Professor Receives Department of Justice Award.
![Bindu Kalesan 400x241 1](/sph/files/2017/10/Bindu-Kalesan-400x241-1.png)
Bindu Kalesan, assistant professor of medicine at the School of Medicine and assistant professor of community health sciences at the School of Public Health, is the recipient of a three-year, $693,695 award from the US Department of Justice to study “racial and ethnic differences in non-fatal firearm injuries using a spatiotemporal approach.” The goal is to understand the differences in risk factors associated with gun injuries in different regions of the country in order to tailor efforts to specific places to reduce them.

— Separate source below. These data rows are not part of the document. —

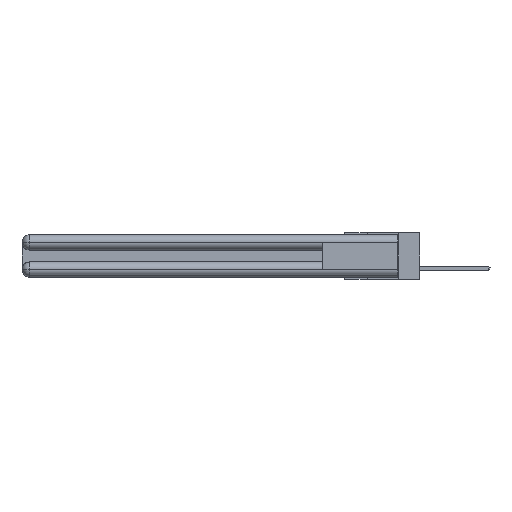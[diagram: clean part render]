
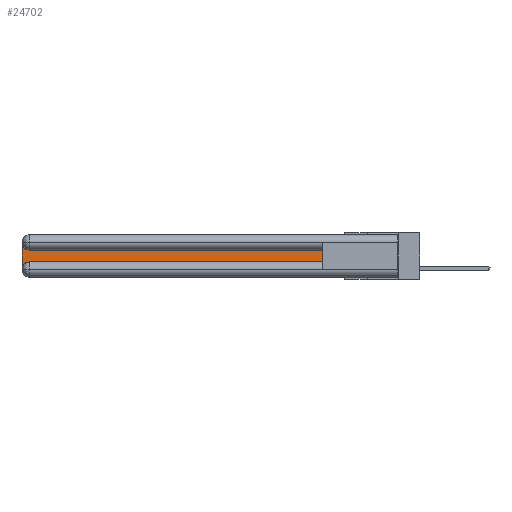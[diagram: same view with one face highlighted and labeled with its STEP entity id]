
A CAD part, left-side view. The second image highlights one B-rep face of the part: STEP entity #24702.
In plain terms, the highlighted planar face has unit normal (-1, 0, 0).
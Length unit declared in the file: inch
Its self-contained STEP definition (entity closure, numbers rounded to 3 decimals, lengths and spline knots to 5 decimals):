
#286 = DIRECTION ( 'NONE',  ( 0., 1., 0. ) ) ;
#394 = VERTEX_POINT ( 'NONE', #33418 ) ;
#1623 = ORIENTED_EDGE ( 'NONE', *, *, #8583, .T. ) ;
#2211 = EDGE_CURVE ( 'NONE', #11655, #17568, #23093, .T. ) ;
#2648 = DIRECTION ( 'NONE',  ( 1., 0., 0. ) ) ;
#4078 = EDGE_CURVE ( 'NONE', #16524, #11655, #30645, .T. ) ;
#5227 = DIRECTION ( 'NONE',  ( 0., 0., 1. ) ) ;
#6451 = DIRECTION ( 'NONE',  ( 0., 0., -1. ) ) ;
#6978 = CARTESIAN_POINT ( 'NONE',  ( 0.075, 0.6, -0.2175 ) ) ;
#7647 = CARTESIAN_POINT ( 'NONE',  ( 0.075, 2.94, -0.2175 ) ) ;
#7709 = CARTESIAN_POINT ( 'NONE',  ( 0.075, 3., -0.1225 ) ) ;
#7906 = VERTEX_POINT ( 'NONE', #25168 ) ;
#8140 = ORIENTED_EDGE ( 'NONE', *, *, #28489, .T. ) ;
#8583 = EDGE_CURVE ( 'NONE', #7906, #26073, #15002, .T. ) ;
#9013 = DIRECTION ( 'NONE',  ( 0., -1., 0. ) ) ;
#9927 = VECTOR ( 'NONE', #286, 39.37008 ) ;
#10305 = DIRECTION ( 'NONE',  ( 0., 0., -1. ) ) ;
#10379 = ORIENTED_EDGE ( 'NONE', *, *, #12482, .T. ) ;
#10564 = ORIENTED_EDGE ( 'NONE', *, *, #29853, .T. ) ;
#10593 = ORIENTED_EDGE ( 'NONE', *, *, #4078, .T. ) ;
#11655 = VERTEX_POINT ( 'NONE', #7647 ) ;
#12482 = EDGE_CURVE ( 'NONE', #394, #7906, #31743, .T. ) ;
#15002 = CIRCLE ( 'NONE', #31621, 0.06 ) ;
#15911 = CARTESIAN_POINT ( 'NONE',  ( 0.075, 2.94, -0.0625 ) ) ;
#16327 = AXIS2_PLACEMENT_3D ( 'NONE', #7709, #2648, #10305 ) ;
#16524 = VERTEX_POINT ( 'NONE', #20132 ) ;
#16826 = CARTESIAN_POINT ( 'NONE',  ( 0.075, 2.94, -0.2775 ) ) ;
#17568 = VERTEX_POINT ( 'NONE', #6978 ) ;
#17861 = LINE ( 'NONE', #32599, #27215 ) ;
#18504 = FACE_OUTER_BOUND ( 'NONE', #19738, .T. ) ;
#19738 = EDGE_LOOP ( 'NONE', ( #10379, #1623, #8140, #10593, #32422, #10564 ) ) ;
#20132 = CARTESIAN_POINT ( 'NONE',  ( 0.075, 3., -0.2775 ) ) ;
#20539 = CARTESIAN_POINT ( 'NONE',  ( 0.075, 0.6, -0.2175 ) ) ;
#20869 = DIRECTION ( 'NONE',  ( 0., 0., -1. ) ) ;
#21196 = DIRECTION ( 'NONE',  ( 1., 0., 0. ) ) ;
#23093 = LINE ( 'NONE', #24712, #27189 ) ;
#23583 = LINE ( 'NONE', #20539, #24379 ) ;
#24379 = VECTOR ( 'NONE', #5227, 39.37008 ) ;
#24702 = ADVANCED_FACE ( 'NONE', ( #18504 ), #33111, .F. ) ;
#24712 = CARTESIAN_POINT ( 'NONE',  ( 0.075, 0.6, -0.2175 ) ) ;
#25168 = CARTESIAN_POINT ( 'NONE',  ( 0.075, 2.94, -0.1225 ) ) ;
#25430 = CARTESIAN_POINT ( 'NONE',  ( 0.075, 3., -0.0625 ) ) ;
#26073 = VERTEX_POINT ( 'NONE', #25430 ) ;
#27189 = VECTOR ( 'NONE', #9013, 39.37008 ) ;
#27215 = VECTOR ( 'NONE', #29917, 39.37008 ) ;
#28489 = EDGE_CURVE ( 'NONE', #26073, #16524, #17861, .T. ) ;
#29619 = DIRECTION ( 'NONE',  ( 1., 0., 0. ) ) ;
#29853 = EDGE_CURVE ( 'NONE', #17568, #394, #23583, .T. ) ;
#29917 = DIRECTION ( 'NONE',  ( 0., 0., -1. ) ) ;
#30645 = CIRCLE ( 'NONE', #31320, 0.06 ) ;
#31176 = CARTESIAN_POINT ( 'NONE',  ( 0.075, 0.6, -0.1225 ) ) ;
#31320 = AXIS2_PLACEMENT_3D ( 'NONE', #16826, #29619, #6451 ) ;
#31621 = AXIS2_PLACEMENT_3D ( 'NONE', #15911, #21196, #20869 ) ;
#31743 = LINE ( 'NONE', #31176, #9927 ) ;
#32422 = ORIENTED_EDGE ( 'NONE', *, *, #2211, .T. ) ;
#32599 = CARTESIAN_POINT ( 'NONE',  ( 0.075, 3., -0.2175 ) ) ;
#33111 = PLANE ( 'NONE',  #16327 ) ;
#33418 = CARTESIAN_POINT ( 'NONE',  ( 0.075, 0.6, -0.1225 ) ) ;

“Centrally we do not understand the factors associated with the increase in non-fatal firearm injury, or the racial differences in these increasing rates and the spatial differences that are changing over time,” Kalesan says. A better understanding of those factors, she believes, “will allow a tailored approach in implementing interventions and public health programs to reduce the epidemic of firearm violence.”
Although there has been much discussion both in scientific literature and the mainstream media about firearm deaths, less attention is paid to the non-fatal firearm injuries that constitute 70 percent of the victims of firearm violence, who continue to suffer from multiple health and social problems throughout their lives. However, the burden of injury and subsequent diseases is not consistent across population groups—particularly those based on race and ethnicity. Gun violence survivorship burden is also not consistent across the country, with substantial spatial heterogeneity with differences at the state and county level, which is itself changing over time.
Kalesan and Sandro Galea, dean and Robert A. Knox Professor, plan to use a unique compilation of seven large national data sources across 25 years (1993 to 2017) and multi-level models with time-varying covariates to address the central question of racial-ethnic differences in non-fatal firearm injuries.